Hausse de consommation

«Les études menées dans d’autres pays montrent que la commercialisation fait grimper la consommation, insiste François Gagnon, de l’Institut national de la santé publique du Québec. Il faut donc faire attention aux moyens de promotion et éviter les cartes de fidélité, par exemple.»

Lieux de vente, prix, taxes, âge légal... rien n’est pour le moment défini au Québec, affirme Lucie Charlebois.

«C’est magnifique, vous partez de zéro.
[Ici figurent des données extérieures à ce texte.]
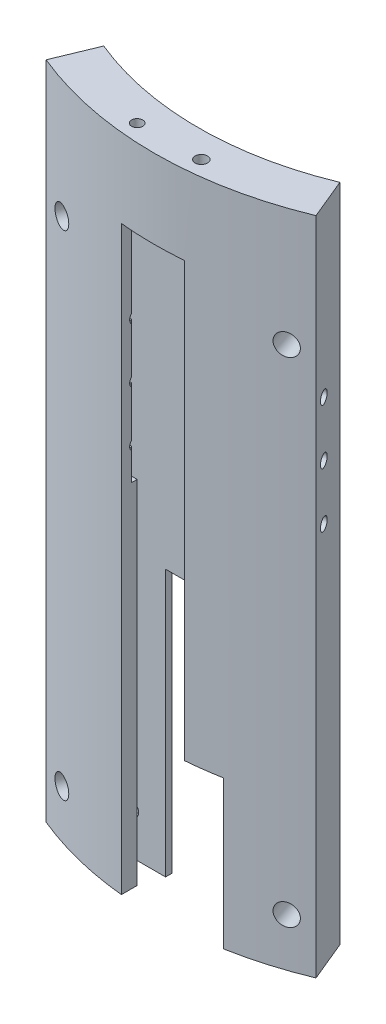
from build123d import *

# Parameters (mm, degrees)
SKETCH1_W                      = 46.2
SKETCH1_H                      = 27.3
BOSS_EXTRUDE1_DEPTH            = 107
CUT_EXTRUDE1_DEPTH             = 24
CUT_EXTRUDE2_DEPTH             = 19.2
CUT_EXTRUDE3_DEPTH             = 50
CUT_EXTRUDE4_DEPTH             = 1
SKETCH6_W                      = 24.8
SKETCH6_H                      = 1.7
CUT_EXTRUDE5_DEPTH             = 5.48
FILLET1_R                      = 3.1
SKETCH7_W                      = 27.3
SKETCH7_H                      = 107
BOSS_EXTRUDE2_DEPTH            = 35.75
SKETCH8_W                      = 27.3
SKETCH8_H                      = 107
BOSS_EXTRUDE3_DEPTH            = 35.75
SKETCH9_W                      = 117.7
SKETCH9_H                      = 107
BOSS_EXTRUDE4_DEPTH            = 39.2125
SKETCH10_OUTSIDE_W             = 154.182
SKETCH10_OUTSIDE_H             = 102.994
CUT_EXTRUDE6_DEPTH             = 107
SKETCH14_R                     = 1
SKETCH15_R                     = 1
SKETCH15_R_2                   = 0.9
CUT_EXTRUDE7_DEPTH             = 50
SKETCH25_R                     = 1.15
CUT_EXTRUDE8_DEPTH             = 4.6
CUT_EXTRUDE8_DIRECTION_2_REACH = 6.619
CUT_EXTRUDE10_START            = -1
SKETCH26_R                     = 1.75
CUT_EXTRUDE10_DEPTH            = 2
SKETCH27_W                     = 5.783250287
SKETCH27_H                     = 3.770726922
CUT_EXTRUDE11_DEPTH            = 45
SKETCH28_W                     = 10.3
SKETCH28_H                     = 4.996145738
CUT_EXTRUDE12_DEPTH            = 100
SKETCH29_W                     = 5.6
SKETCH29_H                     = 4.839207103
CUT_EXTRUDE13_DEPTH            = 30
SKETCH31_R                     = 1.75
CUT_EXTRUDE14_DEPTH            = 21.282725846
CIRPATTERN1_COUNT              = 2
CIRPATTERN1_ANGLE              = 37
LPATTERN1_COUNT                = 2
LPATTERN1_PITCH                = 80
LPATTERN1_COPY_1_SKETCH_R      = 1.75
LPATTERN1_COPY_1_DEPTH         = 21.282725846


with BuildPart() as part:
    # Sketch1 → Boss-Extrude1 (new body)
    with BuildSketch(Plane(origin=(0, 0, 0), x_dir=(1, 0, 0), z_dir=(0, 1, 0))):
        Rectangle(SKETCH1_W, SKETCH1_H)
    extrude(amount=BOSS_EXTRUDE1_DEPTH)

    # Sketch2 → Cut-Extrude1 (cut)
    with BuildSketch(Plane.XZ):
        Polygon((-5.5, 3.65), (4.8, 3.65), (4.8, 3.05), (10.4, 3.05), (10.4, 0.45), (11.7, 0.45), (11.7, -2.15), (13.1, -2.15), (13.1, -3.65), (-4.4, -3.65), (-4.4, -2.25), (-13.1, -2.25), (-13.1, 1.25), (-5.5, 1.25), align=None)
    extrude(amount=-CUT_EXTRUDE1_DEPTH, mode=Mode.SUBTRACT)

    # Sketch3 → Cut-Extrude2 (cut)
    with BuildSketch(Plane.XZ.offset(-24)):
        Polygon((-13.1, 1.25), (-13.1, -2.25), (-4.4, -2.25), (-4.4, -3.65), (13.1, -3.65), (13.1, -2.15), (11.7, -2.15), (11.7, 0.45), (10.4, 0.45), (10.4, 2.15), (4.8, 2.15), (4.8, 3.65), (-5.5, 3.65), (-5.5, 1.25), align=None)
    extrude(amount=-CUT_EXTRUDE2_DEPTH, mode=Mode.SUBTRACT)

    # Sketch4 → Cut-Extrude3 (cut)
    with BuildSketch(Plane.XZ.offset(-43.2)):
        Polygon((-13.1, -2.25), (11.7, -2.25), (11.7, -0.55), (8.9, -0.55), (8.9, 1.15), (4.8, 1.15), (4.8, 3.65), (-5.5, 3.65), (-5.5, 1.25), (-9.3, 1.25), (-9.3, -0.55), (-13.1, -0.55), align=None)
    extrude(amount=-CUT_EXTRUDE3_DEPTH, mode=Mode.SUBTRACT)

    # Sketch5 → Cut-Extrude4 (cut)
    with BuildSketch(Plane.XZ.offset(-93.2)):
        Polygon((-13.1, -2.25), (11.7, -2.25), (11.7, -0.55), (4.8, -0.55), (4.8, 3.65), (-5.5, 3.65), (-5.5, -0.55), (-13.1, -0.55), align=None)
    extrude(amount=-CUT_EXTRUDE4_DEPTH, mode=Mode.SUBTRACT)

    # Sketch6 → Cut-Extrude5 (cut)
    with BuildSketch(Plane.XZ.offset(-94.2)):
        with Locations((-0.7, -1.4)):
            Rectangle(SKETCH6_W, SKETCH6_H)
    extrude(amount=-CUT_EXTRUDE5_DEPTH, mode=Mode.SUBTRACT)

    # Fillet1
    fillet1_edges = [part.edges().sort_by_distance(p)[0] for p in [
        (-13.1, 99.68, -1.4),
        (11.7, 99.68, -1.4),
    ]]
    fillet(fillet1_edges, radius=FILLET1_R)

    # Sketch7 → Boss-Extrude2 (add)
    with BuildSketch(Plane.ZY.offset(23.1)):
        with Locations((0, 53.5)):
            Rectangle(SKETCH7_W, SKETCH7_H)
    extrude(amount=BOSS_EXTRUDE2_DEPTH)

    # Sketch8 → Boss-Extrude3 (add)
    with BuildSketch(Plane(origin=(23.1, 0, 0), x_dir=(0, 0, -1), z_dir=(1, 0, 0))):
        with Locations((0, 53.5)):
            Rectangle(SKETCH8_W, SKETCH8_H)
    extrude(amount=BOSS_EXTRUDE3_DEPTH)

    # Sketch9 → Boss-Extrude4 (add)
    with BuildSketch(Plane(origin=(0, 0, -13.65), x_dir=(-1, 0, 0), z_dir=(0, 0, -1))):
        with Locations((0, 53.5)):
            Rectangle(SKETCH9_W, SKETCH9_H)
    extrude(amount=BOSS_EXTRUDE4_DEPTH)

    # Sketch10 outside → Cut-Extrude6 (cut)
    with BuildSketch(Plane.XZ):
        with Locations((0, -19.606)):
            Rectangle(SKETCH10_OUTSIDE_W, SKETCH10_OUTSIDE_H)
        with BuildLine():
            Line((-19.034171618, -6.868523374), (-21.77035816, -0.262784717))
            ThreePointArc((-21.77035816, -0.262784717), (0.1, 4.0875), (21.97035816, -0.262784717))
            Line((21.97035816, -0.262784717), (19.234171618, -6.868523374))
            ThreePointArc((19.234171618, -6.868523374), (0.1, -3.0625), (-19.034171618, -6.868523374))
        make_face(mode=Mode.SUBTRACT)
    extrude(amount=-CUT_EXTRUDE6_DEPTH, mode=Mode.SUBTRACT)

    # Sketch14 → Cut-Revolve1 (revolve, cut)
    with BuildSketch(Plane(origin=(-18.675071449, 0, -7.735467873), x_dir=(-0.382683432, 0, 0.923879533), z_dir=(-0.923879533, 0, -0.382683432))):
        with Locations((5.750873963, 71.1)):
            Circle(SKETCH14_R)
        with Locations((5.750873963, 62.2)):
            Circle(SKETCH14_R)
        with Locations((5.750873963, 80)):
            Circle(SKETCH14_R)
    revolve(axis=Axis((0.1, 107, -53.0625), (0, -1, 0)), mode=Mode.SUBTRACT)

    # Sketch15 → Cut-Extrude7 (cut)
    with BuildSketch(Plane(origin=(0, 107, 0), x_dir=(1, 0, 0), z_dir=(0, 1, 0))):
        with Locations((4.8, -1.15)):
            Circle(SKETCH15_R)
        with Locations((-5.5, -1.25)):
            Circle(SKETCH15_R_2)
    extrude(amount=-CUT_EXTRUDE7_DEPTH, mode=Mode.SUBTRACT)

    # Sketch25 → Cut-Extrude8 (cut)
    with BuildSketch(Plane.XY.offset(-2.25)):
        with Locations((-9.9075, 95.74)):
            Circle(SKETCH25_R)
        with Locations((8.5075, 95.74)):
            Circle(SKETCH25_R)
        with Locations((-9.9075, 6.84)):
            Circle(SKETCH25_R)
    extrude(amount=CUT_EXTRUDE8_DEPTH, mode=Mode.SUBTRACT)

    # Sketch25 → Cut-Extrude8 direction 2 (cut, up to next)
    with BuildSketch(Plane.XY.offset(-2.25), mode=Mode.PRIVATE) as cut_extrude8_direction_2_sk1:
        with Locations((-9.9075, 95.74)):
            Circle(SKETCH25_R)
    cut_extrude8_direction_2_tool1 = extrude(cut_extrude8_direction_2_sk1.sketch, amount=-CUT_EXTRUDE8_DIRECTION_2_REACH, mode=Mode.PRIVATE) & part.part
    add(cut_extrude8_direction_2_tool1.solids().sort_by_distance((-9.9075, 95.74, -2.25))[0], mode=Mode.SUBTRACT)
    # Sketch25 → Cut-Extrude8 direction 2 (cut, up to next)
    with BuildSketch(Plane.XY.offset(-2.25), mode=Mode.PRIVATE) as cut_extrude8_direction_2_sk2:
        with Locations((8.5075, 95.74)):
            Circle(SKETCH25_R)
    cut_extrude8_direction_2_tool2 = extrude(cut_extrude8_direction_2_sk2.sketch, amount=-CUT_EXTRUDE8_DIRECTION_2_REACH, mode=Mode.PRIVATE) & part.part
    add(cut_extrude8_direction_2_tool2.solids().sort_by_distance((8.5075, 95.74, -2.25))[0], mode=Mode.SUBTRACT)
    # Sketch25 → Cut-Extrude8 direction 2 (cut, up to next)
    with BuildSketch(Plane.XY.offset(-2.25), mode=Mode.PRIVATE) as cut_extrude8_direction_2_sk3:
        with Locations((-9.9075, 6.84)):
            Circle(SKETCH25_R)
    cut_extrude8_direction_2_tool3 = extrude(cut_extrude8_direction_2_sk3.sketch, amount=-CUT_EXTRUDE8_DIRECTION_2_REACH, mode=Mode.PRIVATE) & part.part
    add(cut_extrude8_direction_2_tool3.solids().sort_by_distance((-9.9075, 6.84, -2.25))[0], mode=Mode.SUBTRACT)

    # Sketch26 → Cut-Extrude10 (cut)
    with BuildSketch(Plane.XY.offset(-2.25).offset(CUT_EXTRUDE10_START)):
        with Locations((-9.9075, 95.74)):
            Circle(SKETCH26_R)
        with Locations((8.5075, 95.74)):
            Circle(SKETCH26_R)
        with Locations((-9.9075, 6.84)):
            Circle(SKETCH26_R)
    extrude(amount=-CUT_EXTRUDE10_DEPTH, mode=Mode.SUBTRACT)

    # Sketch27 → Cut-Extrude11 (cut)
    with BuildSketch(Plane.XZ.offset(-43.2)):
        with Locations((10.208374857, -4.549207395)):
            Rectangle(SKETCH27_W, SKETCH27_H)
    extrude(amount=CUT_EXTRUDE11_DEPTH, mode=Mode.SUBTRACT)

    # Sketch28 → Cut-Extrude12 (cut)
    with BuildSketch(Plane.XZ.offset(-94.2)):
        with Locations((-0.35, 3.748072869)):
            Rectangle(SKETCH28_W, SKETCH28_H)
    extrude(amount=CUT_EXTRUDE12_DEPTH, mode=Mode.SUBTRACT)

    # Sketch29 → Cut-Extrude13 (cut)
    with BuildSketch(Plane.XZ.offset(-24)):
        with Locations((7.6, 4.569603552)):
            Rectangle(SKETCH29_W, SKETCH29_H)
    extrude(amount=CUT_EXTRUDE13_DEPTH, mode=Mode.SUBTRACT)

    # Sketch31 → Cut-Extrude14 (cut, through all)
    with BuildSketch(Plane(origin=(-2.156988056, 0, 6.446557768), x_dir=(0, -1, 0), z_dir=(-0.317304656, 0, 0.948323655))):
        with Locations((-7.816936084, -16.453551926)):
            Circle(SKETCH31_R)
    cut_extrude14 = extrude(amount=-CUT_EXTRUDE14_DEPTH, mode=Mode.SUBTRACT)

    # CirPattern1: Cut-Extrude14 ×2 about axis
    cirpattern1_axis = Axis((0.1, 0, -53.0625), (0, 1, 0))
    for i in range(1, CIRPATTERN1_COUNT):
        add(cut_extrude14.rotate(cirpattern1_axis, i * CIRPATTERN1_ANGLE / (CIRPATTERN1_COUNT - 1)), mode=Mode.SUBTRACT)

    # LPattern1: Cut-Extrude14 ×2
    with Locations(*[(0, i * LPATTERN1_PITCH, 0) for i in range(1, LPATTERN1_COUNT)]):
        add(cut_extrude14, mode=Mode.SUBTRACT)

    # LPattern1 copy 1 sketch → LPattern1 copy 1 (cut, through all)
    with BuildSketch(Plane(origin=(34.110934171, 80, -4.178163978), x_dir=(0, -1, 0), z_dir=(0.317304656, 0, 0.948323655))):
        with Locations((-7.816936084, -16.453551926)):
            Circle(LPATTERN1_COPY_1_SKETCH_R)
    extrude(amount=-LPATTERN1_COPY_1_DEPTH, mode=Mode.SUBTRACT)


solid = part.part

Vous avez la possibilité de ne pas reproduire les erreurs faites avec l’alcool et le tabac en ayant une politique trop laxiste», s’enthousiasme l’analyste britannique Steve Rolles, prenant pour exemples les vieilles publicités vantant les bienfaits du tabac pour la santé. «Il vaut mieux un cadre contraignant au début et l’assouplir par la suite si besoin», ajoute-t-il.

Amazon du pot

Pour Line Beauchesne, Québec doit également proposer un mode de commercialisation adapté. «Le gouvernement doit se donner les moyens de contrôler le marché en mettant en place un bon site web pour contrer les grosses compagnies, une sorte d’Amazon du pot», soutient celle qui estime que la majorité du commerce de la marijuana se fera sur le web.

Pour la vente en main propre, Couche-Tard s’est dit intéressé, mais des organismes communautaires se positionnent également. «Nous avons ouvert ce matin le premier centre d’injection supervisée à Montréal et nous croyons pouvoir être de bons lieux pour vendre du cannabis, à condition qu’on nous en donne les moyens», affirme le président de Cactus Montréal, Louis Letellier de St-Just.

► Ces discussions sont un prélude à une large consultation partout au Québec qui aboutira à l’automne à un projet de loi.